Task directions >>
Exclude all pictures. Then restate, word for word, the entries from the first line through the line that contains "doc.linetypes.add('DASHED', pattern=[1.524, 1.27, -0.254])".

===== Records to process =====

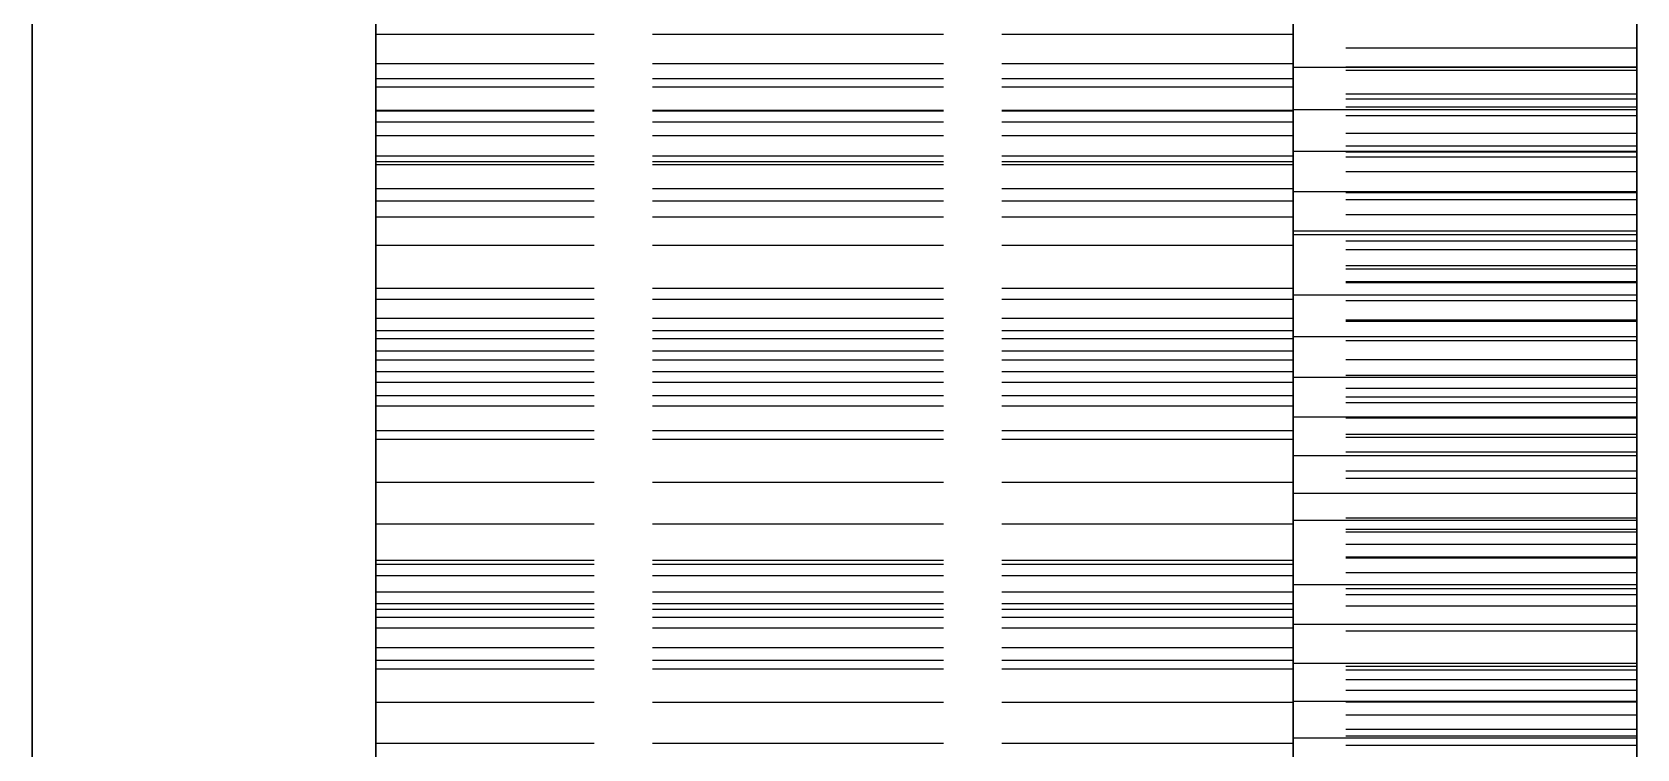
# Model space of a CAD drawing. Header units: millimetres. Extents: x -13 to 234, y -140 to 87.
# Drawn here: x 95.25 to 102.25, y -41.72 to -38.6 of the extents above; entities that cross this region are included whole.
import ezdxf

# ---------------------------------------------------------------- set-up
doc = ezdxf.new("R2010")
doc.units = ezdxf.units.MM
doc.linetypes.add('DASHED', pattern=[1.524, 1.27, -0.254])
doc.layers.add('HIDDEN', color=8, linetype='DASHED')
doc.layers.add('VISIBLE', color=7, linetype='CONTINUOUS')

msp = doc.modelspace()

# ---------------------------------------------------------------- linework, layer by layer
at = {"layer": 'HIDDEN'}
for points in [[(95.25, -33.775), (95.25, -34.38214), (95.25, -34.98929), (95.25, -35.59643), (95.25, -36.20357), (95.25, -36.81071), (95.25, -37.41786), (95.25, -38.025), (95.25, -38.63214), (95.25, -39.23929), (95.25, -39.84643), (95.25, -40.45357), (95.25, -41.06071), (95.25, -41.66786), (95.25, -42.275)], [(96.75, -33.775), (96.75, -34.38214), (96.75, -34.98929), (96.75, -35.59643), (96.75, -36.20357), (96.75, -36.81071), (96.75, -37.41786), (96.75, -38.025), (96.75, -38.63214), (96.75, -39.23929), (96.75, -39.84643), (96.75, -40.45357), (96.75, -41.06071), (96.75, -41.66786), (96.75, -42.275)], [(96.75, -33.775), (96.75, -34.38214), (96.75, -34.98929), (96.75, -35.59643), (96.75, -36.20357), (96.75, -36.81071), (96.75, -37.41786), (96.75, -38.025), (96.75, -38.63214), (96.75, -39.23929), (96.75, -39.84643), (96.75, -40.45357), (96.75, -41.06071), (96.75, -41.66786), (96.75, -42.275)], [(100.75, -33.775), (100.75, -34.38214), (100.75, -34.98929), (100.75, -35.59643), (100.75, -36.20357), (100.75, -36.81071), (100.75, -37.41786), (100.75, -38.025), (100.75, -38.63214), (100.75, -39.23929), (100.75, -39.84643), (100.75, -40.45357), (100.75, -41.06071), (100.75, -41.66786), (100.75, -42.275)], [(100.75, -35.275), (100.75, -35.83452), (100.75, -36.39405), (100.75, -36.95357), (100.75, -37.5131), (100.75, -38.07262), (100.75, -38.63214), (100.75, -39.19167), (100.75, -39.75119), (100.75, -40.31071), (100.75, -40.87024), (100.75, -41.42976), (100.75, -41.98929)], [(102.25, -35.275), (102.25, -35.83452), (102.25, -36.39405), (102.25, -36.95357), (102.25, -37.5131), (102.25, -38.07262), (102.25, -38.63214), (102.25, -39.19167), (102.25, -39.75119), (102.25, -40.31071), (102.25, -40.87024), (102.25, -41.42976), (102.25, -41.98929)], [(100.75, -41.98929), (100.75, -41.70952), (100.75, -41.42976), (100.75, -41.15), (100.75, -40.87024), (100.75, -40.59048), (100.75, -40.31071), (100.75, -40.03095), (100.75, -39.75119), (100.75, -39.47143), (100.75, -39.19167), (100.75, -38.9119), (100.75, -38.63214), (100.75, -38.35238)], [(102.25, -41.98929), (102.25, -41.70952), (102.25, -41.42976), (102.25, -41.15), (102.25, -40.87024), (102.25, -40.59048), (102.25, -40.31071), (102.25, -40.03095), (102.25, -39.75119), (102.25, -39.47143), (102.25, -39.19167), (102.25, -38.9119), (102.25, -38.63214), (102.25, -38.35238)], [(96.75, -38.60557), (96.75, -38.40832)], [(96.75, -38.40832), (96.75, -38.60557)], [(100.75, -38.60557), (100.75, -38.40832)], [(100.75, -38.40832), (100.75, -38.60557)], [(100.75, -38.56816), (100.75, -38.74803)], [(102.25, -38.56816), (102.25, -38.74803)], [(96.75, -38.79922), (96.75, -38.60557)], [(96.75, -38.60557), (96.75, -38.79922)], [(100.75, -38.60557), (96.75, -38.60557)], [(100.75, -38.60557), (96.75, -38.60557)], [(100.75, -38.57161), (100.75, -38.66484)], [(100.75, -38.86596), (100.75, -38.57848)], [(100.75, -41.84968), (100.75, -41.71945), (100.75, -41.58921), (100.75, -41.45897), (100.75, -41.32874), (100.75, -41.1985), (100.75, -41.06826), (100.75, -40.93803), (100.75, -40.80779), (100.75, -40.67755), (100.75, -40.54732), (100.75, -40.41708), (100.75, -40.28684), (100.75, -40.1566), (100.75, -40.02637), (100.75, -39.89613), (100.75, -39.76589), (100.75, -39.63566), (100.75, -39.50542), (100.75, -39.37518), (100.75, -39.24495), (100.75, -39.11471), (100.75, -38.98447), (100.75, -38.85424), (100.75, -38.724), (100.75, -38.59376)], [(100.75, -38.79922), (100.75, -38.60557)], [(100.75, -38.60557), (100.75, -38.79922)], [(102.25, -38.57161), (102.25, -38.66484)], [(102.25, -38.86596), (102.25, -38.57848)], [(100.75, -38.66484), (100.75, -38.76283)], [(102.25, -38.66484), (100.75, -38.66484)], [(102.25, -38.66484), (102.25, -38.76283)], [(96.75, -38.93682), (96.75, -38.73435)], [(96.75, -38.73435), (96.75, -38.83505)], [(96.75, -38.83505), (96.75, -38.73435)], [(96.75, -38.73435), (96.75, -38.93682)], [(100.75, -38.73435), (96.75, -38.73435)], [(100.75, -38.73435), (96.75, -38.73435)], [(100.75, -38.93682), (100.75, -38.73435)], [(100.75, -38.73435), (100.75, -38.83505)], [(100.75, -38.83505), (100.75, -38.73435)], [(100.75, -38.73435), (100.75, -38.93682)], [(100.75, -38.74803), (100.75, -38.92337)], [(102.25, -38.74803), (100.75, -38.74803)], [(100.75, -38.76283), (100.75, -38.86596)], [(102.25, -38.76283), (100.75, -38.76283)], [(102.25, -38.74803), (102.25, -38.92337)], [(102.25, -38.76283), (102.25, -38.86596)], [(96.75, -38.98892), (96.75, -38.79922)], [(96.75, -38.79922), (96.75, -38.98892)], [(100.75, -38.79922), (96.75, -38.79922)], [(100.75, -38.79922), (96.75, -38.79922)], [(96.75, -38.83505), (96.75, -38.93984)], [(96.75, -38.93984), (96.75, -38.83505)], [(100.75, -38.83505), (96.75, -38.83505)], [(100.75, -38.83505), (96.75, -38.83505)], [(100.75, -38.98892), (100.75, -38.79922)], [(100.75, -38.79922), (100.75, -38.98892)], [(100.75, -38.83505), (100.75, -38.93984)], [(100.75, -38.93984), (100.75, -38.83505)], [(102.25, -38.86596), (100.75, -38.86596)], [(100.75, -38.9611), (100.75, -38.88834)], [(100.75, -38.88834), (100.75, -39.1416)], [(102.25, -38.88834), (100.75, -38.88834)], [(102.25, -38.9611), (102.25, -38.88834)], [(102.25, -38.88834), (102.25, -39.1416)], [(96.75, -39.13697), (96.75, -38.93682)], [(96.75, -38.93682), (96.75, -39.13697)], [(100.75, -38.93682), (96.75, -38.93682)], [(100.75, -38.93682), (96.75, -38.93682)], [(96.75, -38.93984), (96.75, -39.04882)], [(96.75, -39.04882), (96.75, -38.93984)], [(100.75, -38.93984), (96.75, -38.93984)], [(100.75, -38.93984), (96.75, -38.93984)], [(96.75, -39.17421), (96.75, -38.98892)], [(96.75, -38.98892), (96.75, -39.17421)], [(100.75, -38.98892), (96.75, -38.98892)], [(100.75, -38.98892), (96.75, -38.98892)], [(100.75, -38.92337), (100.75, -39.09372)], [(102.25, -38.92337), (100.75, -38.92337)], [(100.75, -39.13697), (100.75, -38.93682)], [(100.75, -38.93682), (100.75, -39.13697)], [(100.75, -38.93984), (100.75, -39.04882)], [(100.75, -39.04882), (100.75, -38.93984)], [(100.75, -39.03818), (100.75, -38.9611)], [(102.25, -38.9611), (100.75, -38.9611)], [(100.75, -39.17421), (100.75, -38.98892)], [(100.75, -38.98892), (100.75, -39.17421)], [(102.25, -38.92337), (102.25, -39.09372)], [(102.25, -39.03818), (102.25, -38.9611)], [(96.75, -39.04882), (96.75, -39.16215)], [(96.75, -39.16215), (96.75, -39.04882)], [(100.75, -39.04882), (96.75, -39.04882)], [(100.75, -39.04882), (96.75, -39.04882)], [(100.75, -39.11972), (100.75, -39.03818)], [(102.25, -39.03818), (100.75, -39.03818)], [(100.75, -39.04882), (100.75, -39.16215)], [(100.75, -39.16215), (100.75, -39.04882)], [(102.25, -39.11972), (102.25, -39.03818)], [(100.75, -39.09372), (100.75, -39.39361)], [(102.25, -39.09372), (100.75, -39.09372)], [(100.75, -39.20593), (100.75, -39.11972)], [(102.25, -39.11972), (100.75, -39.11972)], [(102.25, -39.09372), (102.25, -39.39361)], [(102.25, -39.20593), (102.25, -39.11972)], [(96.75, -39.3335), (96.75, -39.13697)], [(96.75, -39.13697), (96.75, -39.3335)], [(100.75, -39.13697), (96.75, -39.13697)], [(100.75, -39.13697), (96.75, -39.13697)], [(96.75, -39.16215), (96.75, -39.28007)], [(96.75, -39.28007), (96.75, -39.16215)], [(100.75, -39.16215), (96.75, -39.16215)], [(100.75, -39.16215), (96.75, -39.16215)], [(96.75, -39.40292), (96.75, -39.17421)], [(96.75, -39.17421), (96.75, -39.40292)], [(100.75, -39.17421), (96.75, -39.17421)], [(100.75, -39.17421), (96.75, -39.17421)], [(100.75, -39.3335), (100.75, -39.13697)], [(100.75, -39.13697), (100.75, -39.3335)], [(100.75, -39.1416), (100.75, -39.32711)], [(102.25, -39.1416), (100.75, -39.1416)], [(100.75, -39.16215), (100.75, -39.28007)], [(100.75, -39.28007), (100.75, -39.16215)], [(100.75, -39.40292), (100.75, -39.17421)], [(100.75, -39.17421), (100.75, -39.40292)], [(102.25, -39.1416), (102.25, -39.32711)], [(100.75, -39.29709), (100.75, -39.20593)], [(102.25, -39.20593), (100.75, -39.20593)], [(102.25, -39.29709), (102.25, -39.20593)], [(96.75, -39.28007), (96.75, -39.40292)], [(96.75, -39.40292), (96.75, -39.28007)], [(100.75, -39.28007), (96.75, -39.28007)], [(100.75, -39.28007), (96.75, -39.28007)], [(96.75, -39.52618), (96.75, -39.3335)], [(96.75, -39.3335), (96.75, -39.52618)], [(100.75, -39.3335), (96.75, -39.3335)], [(100.75, -39.3335), (96.75, -39.3335)], [(100.75, -39.28007), (100.75, -39.40292)], [(100.75, -39.40292), (100.75, -39.28007)], [(100.75, -39.39361), (100.75, -39.29709)], [(102.25, -39.29709), (100.75, -39.29709)], [(100.75, -39.32711), (100.75, -39.50862)], [(102.25, -39.32711), (100.75, -39.32711)], [(100.75, -39.52618), (100.75, -39.3335)], [(100.75, -39.3335), (100.75, -39.52618)], [(102.25, -39.39361), (102.25, -39.29709)], [(102.25, -39.32711), (102.25, -39.50862)], [(100.75, -39.40292), (96.75, -39.40292)], [(100.75, -39.40292), (96.75, -39.40292)], [(102.25, -39.39361), (100.75, -39.39361)], [(96.75, -39.71471), (96.75, -39.52618)], [(96.75, -39.52618), (96.75, -39.71471)], [(100.75, -39.52618), (96.75, -39.52618)], [(100.75, -39.52618), (96.75, -39.52618)], [(100.75, -39.48065), (100.75, -39.54579)], [(100.75, -39.6308), (100.75, -39.48065)], [(100.75, -39.50862), (100.75, -39.68588)], [(102.25, -39.50862), (100.75, -39.50862)], [(100.75, -39.71471), (100.75, -39.52618)], [(100.75, -39.52618), (100.75, -39.71471)], [(100.75, -39.54579), (100.75, -39.61539)], [(102.25, -39.54579), (100.75, -39.54579)], [(102.25, -39.48065), (102.25, -39.54579)], [(102.25, -39.6308), (102.25, -39.48065)], [(102.25, -39.50862), (102.25, -39.68588)], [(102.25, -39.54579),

=====

Task response >>
# Model space of a CAD drawing. Header units: millimetres. Extents: x -13 to 234, y -140 to 87.
# Drawn here: x 95.25 to 102.25, y -41.72 to -38.6 of the extents above; entities that cross this region are included whole.
import ezdxf

# ---------------------------------------------------------------- set-up
doc = ezdxf.new("R2010")
doc.units = ezdxf.units.MM
doc.linetypes.add('DASHED', pattern=[1.524, 1.27, -0.254])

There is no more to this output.